I gotta look into this. My grinder wants to fall over the table everytime I use it. The vibrations make all the tools fall off as well.


----------



## Kreegan (Jul 10, 2012)

It's definitely worth it if you're having that kind of problem. Most likely your wheels aren't balanced. That can cause them to fracture and send chunks flying. If you use your grinder a lot, this is totally worth it.

Rich


----------



## lepelerin (Jan 13, 2012)

I had the identical problem, tried everything I could to "balance" the wheel. The only solution that worked for me was the Oneway balancing system. Expensive but worth the money. Great product.


----------



## CL810 (Mar 21, 2010)

Rather then write another review I'll just add that I had the same experience. But I would add that even this balancing tool would not balance a Norton 3X grinding wheel I had purchased. I called One Way thinking I was doing something wrong.
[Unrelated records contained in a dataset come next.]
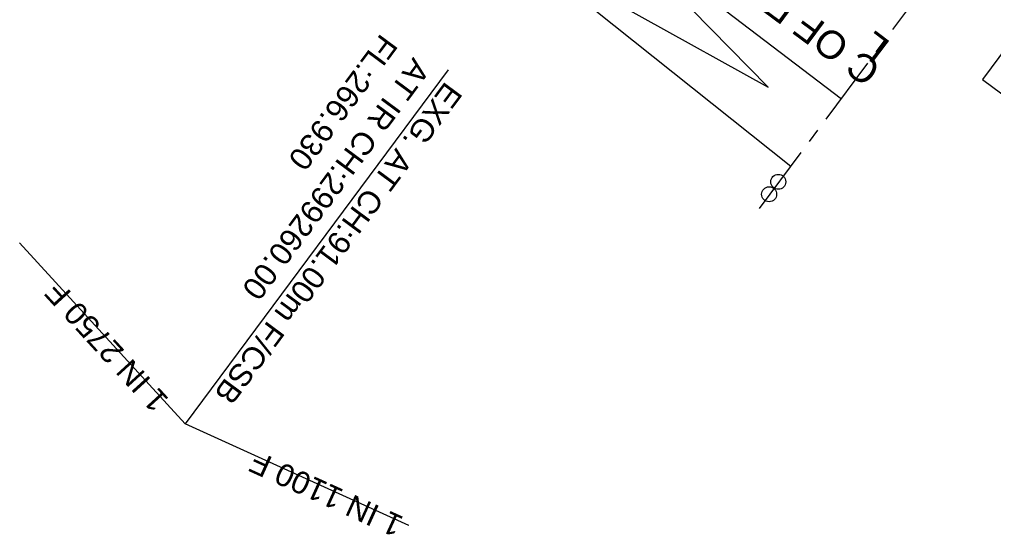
# Model space of a CAD drawing. Header units: metres. Extents: x 643874 to 646664, y 3378445 to 3380508.
# Drawn here: x 645300.4 to 645387.6, y 3379243.3 to 3379289.5 of the extents above; entities that cross this region are included whole.
import ezdxf

# ---------------------------------------------------------------- set-up
doc = ezdxf.new("R2010")
doc.units = ezdxf.units.M
doc.header["$MEASUREMENT"] = 0
doc.linetypes.add('CENTER', pattern=[2, 1.25, -0.25, 0.25, -0.25])
for name, color, linetype, lineweight in [('EXG GRADES IN STATION', 7, 'Continuous', 0), ('Proposed Curve_Details', 10, 'Continuous', 0), ("SADHUGARH STN SRJ's", 251, 'Continuous', 0)]:
    doc.layers.add(name, color=color, linetype=linetype, lineweight=lineweight)
doc.styles.add('ARIAL', font='arial.ttf')

msp = doc.modelspace()

# ---------------------------------------------------------------- linework, layer by layer
at = {"layer": 'EXG GRADES IN STATION', "color": 0, "linetype": 'Continuous', "lineweight": 20}
msp.add_line((645338.7657, 3379284.9754), (645315.2218, 3379253.2521), dxfattribs=at)
at = {"layer": 'EXG GRADES IN STATION', "color": 0, "linetype": 'Continuous', "lineweight": 0, "flags": 128}
for points in [[(645315.2278, 3379253.2459), (645315.2218, 3379253.2521), (645300.3713, 3379269.4837)], [(645335.2495, 3379244.1329), (645335.2415, 3379244.1363), (645315.2176, 3379253.2491)]]:
    msp.add_lwpolyline(points, dxfattribs=at)
at = {"layer": 'Proposed Curve_Details', "color": 0}
msp.add_lwpolyline([(645415.8179, 3379287.5246), (645398.6161, 3379300.2875), (645386.6259, 3379284.1272), (645403.8277, 3379271.3643)], close=True, dxfattribs=at)
at = {"layer": "SADHUGARH STN SRJ's", "color": 7, "linetype": 'CENTER', "lineweight": 15, "ltscale": 5}
msp.add_lwpolyline([(645366.6666, 3379272.5488), (645394.6456, 3379310.1458), (645404.5916, 3379302.9239), (645473.8818, 3379396.313)], dxfattribs=at)
at = {"layer": "SADHUGARH STN SRJ's", "color": 7, "lineweight": 15}
msp.add_lwpolyline([(645369.4776, 3379276.3074), (645344.7983, 3379295.9934), (645367.4456, 3379283.425), (645352.0374, 3379299.1428), (645374.0176, 3379282.3855)], dxfattribs=at)
for centre in [(645368.344, 3379274.9392), (645367.527, 3379273.8194)]:
    msp.add_circle(centre, 0.6717, dxfattribs=at)

# ---------------------------------------------------------------- texts
at = {"layer": 'EXG GRADES IN STATION', "color": 0, "lineweight": 0, "insert": (645336.4495, 3379285.5822), "char_height": 2, "width": 45.556833, "attachment_point": 4, "rotation": 233.426366, "line_spacing_factor": 1.08, "style": 'ARIAL'}
msp.add_mtext('EXG. AT CH:91.00m F/CSB\\PAT IR CH:299260.00\\PFL:266.930', dxfattribs=at)
at = {"layer": 'EXG GRADES IN STATION', "color": 0, "lineweight": 13, "char_height": 2, "attachment_point": 7, "line_spacing_factor": 0.84, "style": 'ARIAL'}
for s, insert, rotation in [('1 IN 2750 F', (645313.8503, 3379255.4577), 132.455827), ('1 IN 1100 F', (645334.9076, 3379244.8688), 155.529851)]:
    msp.add_mtext(s, dxfattribs=dict(at, insert=insert, rotation=rotation))
at = {"layer": "SADHUGARH STN SRJ's", "color": 7, "char_height": 2.5, "attachment_point": 7, "line_spacing_factor": 0.6, "style": 'ARIAL'}
for s, insert, rotation in [('C OF EXG. SARAI BANJARA (SBJ)', (645378.152, 3379285.9595), 143.426366), ('{\\fArial|b0|i0|c0|p34;L}', (645378.5071, 3379287.401), 142.779085)]:
    msp.add_mtext(s, dxfattribs=dict(at, insert=insert, rotation=rotation))

doc.saveas('drawing.dxf')

They told me some stones are so out of balance that even this system could not balance them but their wheels could be balanced.

Many months later I finally gave in and purchased One Way's grinding wheel. It balanced perfectly and my grinder runs smooth. 5 stars from me.


----------



## DW833 (Mar 31, 2013)

Rich,

I have the same related issue for the cover. Tried a couple of things to offset it, but didn't like it.
How did you offset your cover?


----------